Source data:
◇ ◇ ◇ ◇ ◇

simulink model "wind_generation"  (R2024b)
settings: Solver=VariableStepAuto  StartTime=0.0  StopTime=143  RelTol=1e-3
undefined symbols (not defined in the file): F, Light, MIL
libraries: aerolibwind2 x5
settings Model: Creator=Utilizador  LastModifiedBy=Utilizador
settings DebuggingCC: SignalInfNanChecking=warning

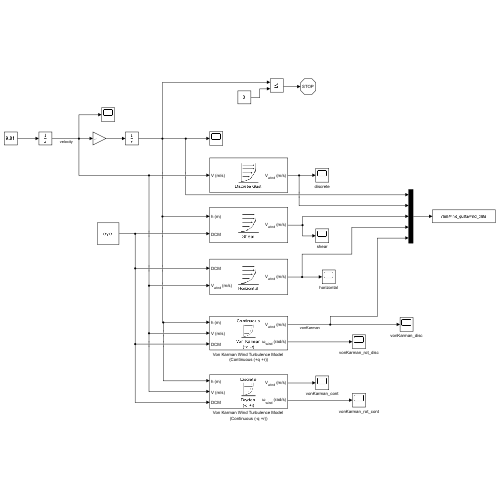
[thumbnail: Simulink's stored preview of the top-level diagram]
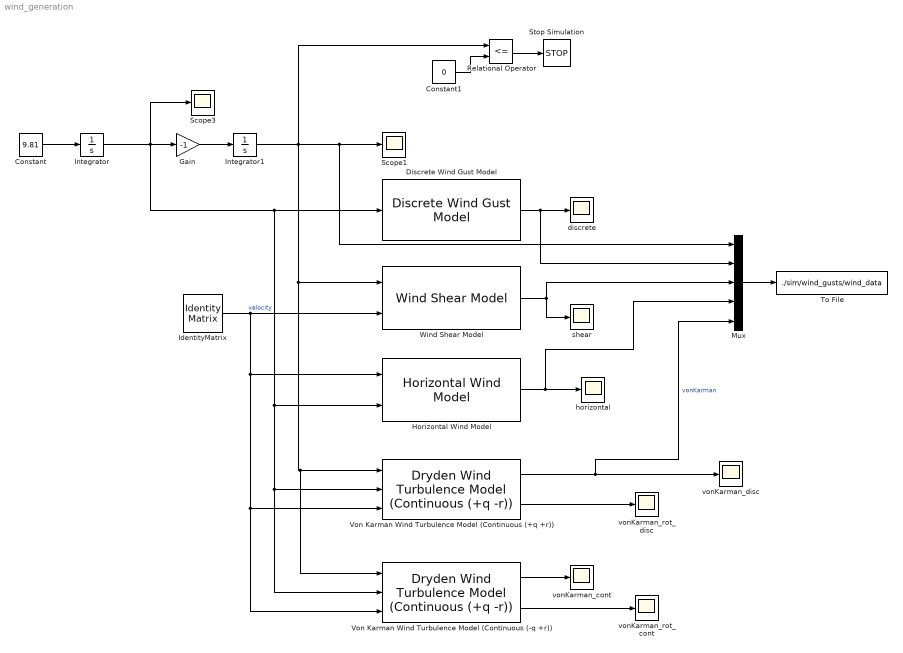
== system wind_generation ==
  Constant : Constant  Value=9.81
  Constant1 : Constant  Value=0
  Discrete Wind Gust Model : aerolibwind2/Discrete Wind Gust Model  units=Metric (MKS)  Gx=on  Gy=on  Gz=on  t_0=5  d_m=[120 120 80]  v_m=[3.5 3.5 3.0]
  Gain : Gain  Gain=-1
  Horizontal Wind Model : aerolibwind2/Horizontal Wind Model  units=Metric (MKS)  Vw_source=External  Vwind=15  W_source=Internal  Wdeg=60
  IdentityMatrix : IdentityMatrix  OutputDimensions=3
  Integrator : Integrator  InitialCondition=1
  Integrator1 : Integrator  InitialCondition=25000
  Mux : Mux  Inputs=5
  Relational Operator : RelationalOperator  Operator=<=  OutDataTypeStr=boolean  RndMeth=Simplest  InputSameDT=off
  Scope1 : Scope
  Scope3 : Scope
  Stop Simulation : Stop
  To File : ToFile  Filename=./sim/wind_gusts/wind_data
  Von Karman Wind Turbulence Model (Continuous (+q +r)) : aerolibwind2/Dryden Wind Turbulence Model  (Continuous (+q -r))  units=Metric (MKS)  spec=MIL-F-8785C  model=Continuous Von Karman (+q -r)  W20=15  Wdeg=0  TurbProb=10^-2 - Light  L_high=762  Wingspan=10  ts=0.1  Seed=[23341 23342 23343 23344]  T_on=on
      settings: LibrarySourceBlock=|
      | aerolibwind2/Von Karman Wind Turbulence Model
      | (Continuous (+q +r))
  Von Karman Wind Turbulence Model (Continuous (-q +r)) : aerolibwind2/Dryden Wind Turbulence Model  (Continuous (+q -r))  units=Metric (MKS)  spec=MIL-F-8785C  model=Discrete Dryden (-q +r)  W20=15  Wdeg=0  TurbProb=10^-2 - Light  L_high=762  Wingspan=10  ts=0.1  Seed=[23341 23342 23343 23344]  T_on=on
      settings: LibrarySourceBlock=|
      | aerolibwind2/Von Karman Wind Turbulence Model
      | (Continuous (-q +r))
  Wind Shear Model : aerolibwind2/Wind Shear Model  units=Metric (MKS)  phase=Category C - Terminal Flight Phase  W_20=15  Wdeg=45
  discrete : Scope
  horizontal : Scope
  shear : Scope
  vonKarman_cont : Scope
  vonKarman_disc : Scope
  vonKarman_rot_cont : Scope
  vonKarman_rot_disc : Scope
  wires:
  Integrator1/1 -> Relational Operator/1, Mux/1, Scope1/1, Wind Shear Model/1, Von Karman Wind Turbulence Model (Continuous (-q +r))/1, Von Karman Wind Turbulence Model (Continuous (+q +r))/1
  Integrator/1 -> Gain/1, Scope3/1, Horizontal Wind Model/2, Von Karman Wind Turbulence Model (Continuous (-q +r))/2, Von Karman Wind Turbulence Model (Continuous (+q +r))/2, Discrete Wind Gust Model/1  "velocity"
  Discrete Wind Gust Model/1 -> Mux/2, discrete/1
  IdentityMatrix/1 -> Wind Shear Model/2, Von Karman Wind Turbulence Model (Continuous (-q +r))/3, Von Karman Wind Turbulence Model (Continuous (+q +r))/3, Horizontal Wind Model/1
  Wind Shear Model/1 -> Mux/3, shear/1
  Horizontal Wind Model/1 -> horizontal/1, Mux/4
  Relational Operator/1 -> Stop Simulation/1
  Constant1/1 -> Relational Operator/2
  Von Karman Wind Turbulence Model (Continuous (+q +r))/1 -> Mux/5, vonKarman_disc/1  "vonKarman"
  Gain/1 -> Integrator1/1
  Constant/1 -> Integrator/1
  Von Karman Wind Turbulence Model (Continuous (+q +r))/2 -> vonKarman_rot_disc/1
  Von Karman Wind Turbulence Model (Continuous (-q +r))/1 -> vonKarman_cont/1
  Von Karman Wind Turbulence Model (Continuous (-q +r))/2 -> vonKarman_rot_cont/1
  Mux/1 -> To File/1

◇ ◇ ◇ ◇ ◇

(Work instructions) Omit every picture, and otherwise quote the entries exactly.

(Output for this exercise)
simulink model "wind_generation"  (R2024b)
settings: Solver=VariableStepAuto  StartTime=0.0  StopTime=143  RelTol=1e-3
undefined symbols (not defined in the file): F, Light, MIL
libraries: aerolibwind2 x5
settings Model: Creator=Utilizador  LastModifiedBy=Utilizador
settings DebuggingCC: SignalInfNanChecking=warning

[thumbnail: Simulink's stored preview of the top-level diagram]
== system wind_generation ==
  Constant : Constant  Value=9.81
  Constant1 : Constant  Value=0
  Discrete Wind Gust Model : aerolibwind2/Discrete Wind Gust Model  units=Metric (MKS)  Gx=on  Gy=on  Gz=on  t_0=5  d_m=[120 120 80]  v_m=[3.5 3.5 3.0]
  Gain : Gain  Gain=-1
  Horizontal Wind Model : aerolibwind2/Horizontal Wind Model  units=Metric (MKS)  Vw_source=External  Vwind=15  W_source=Internal  Wdeg=60
  IdentityMatrix : IdentityMatrix  OutputDimensions=3
  Integrator : Integrator  InitialCondition=1
  Integrator1 : Integrator  InitialCondition=25000
  Mux : Mux  Inputs=5
  Relational Operator : RelationalOperator  Operator=<=  OutDataTypeStr=boolean  RndMeth=Simplest  InputSameDT=off
  Scope1 : Scope
  Scope3 : Scope
  Stop Simulation : Stop
  To File : ToFile  Filename=./sim/wind_gusts/wind_data
  Von Karman Wind Turbulence Model (Continuous (+q +r)) : aerolibwind2/Dryden Wind Turbulence Model  (Continuous (+q -r))  units=Metric (MKS)  spec=MIL-F-8785C  model=Continuous Von Karman (+q -r)  W20=15  Wdeg=0  TurbProb=10^-2 - Light  L_high=762  Wingspan=10  ts=0.1  Seed=[23341 23342 23343 23344]  T_on=on
      settings: LibrarySourceBlock=|
      | aerolibwind2/Von Karman Wind Turbulence Model
      | (Continuous (+q +r))
  Von Karman Wind Turbulence Model (Continuous (-q +r)) : aerolibwind2/Dryden Wind Turbulence Model  (Continuous (+q -r))  units=Metric (MKS)  spec=MIL-F-8785C  model=Discrete Dryden (-q +r)  W20=15  Wdeg=0  TurbProb=10^-2 - Light  L_high=762  Wingspan=10  ts=0.1  Seed=[23341 23342 23343 23344]  T_on=on
      settings: LibrarySourceBlock=|
      | aerolibwind2/Von Karman Wind Turbulence Model
      | (Continuous (-q +r))
  Wind Shear Model : aerolibwind2/Wind Shear Model  units=Metric (MKS)  phase=Category C - Terminal Flight Phase  W_20=15  Wdeg=45
  discrete : Scope
  horizontal : Scope
  shear : Scope
  vonKarman_cont : Scope
  vonKarman_disc : Scope
  vonKarman_rot_cont : Scope
  vonKarman_rot_disc : Scope
  wires:
  Integrator1/1 -> Relational Operator/1, Mux/1, Scope1/1, Wind Shear Model/1, Von Karman Wind Turbulence Model (Continuous (-q +r))/1, Von Karman Wind Turbulence Model (Continuous (+q +r))/1
  Integrator/1 -> Gain/1, Scope3/1, Horizontal Wind Model/2, Von Karman Wind Turbulence Model (Continuous (-q +r))/2, Von Karman Wind Turbulence Model (Continuous (+q +r))/2, Discrete Wind Gust Model/1  "velocity"
  Discrete Wind Gust Model/1 -> Mux/2, discrete/1
  IdentityMatrix/1 -> Wind Shear Model/2, Von Karman Wind Turbulence Model (Continuous (-q +r))/3, Von Karman Wind Turbulence Model (Continuous (+q +r))/3, Horizontal Wind Model/1
  Wind Shear Model/1 -> Mux/3, shear/1
  Horizontal Wind Model/1 -> horizontal/1, Mux/4
  Relational Operator/1 -> Stop Simulation/1
  Constant1/1 -> Relational Operator/2
  Von Karman Wind Turbulence Model (Continuous (+q +r))/1 -> Mux/5, vonKarman_disc/1  "vonKarman"
  Gain/1 -> Integrator1/1
  Constant/1 -> Integrator/1
  Von Karman Wind Turbulence Model (Continuous (+q +r))/2 -> vonKarman_rot_disc/1
  Von Karman Wind Turbulence Model (Continuous (-q +r))/1 -> vonKarman_cont/1
  Von Karman Wind Turbulence Model (Continuous (-q +r))/2 -> vonKarman_rot_cont/1
  Mux/1 -> To File/1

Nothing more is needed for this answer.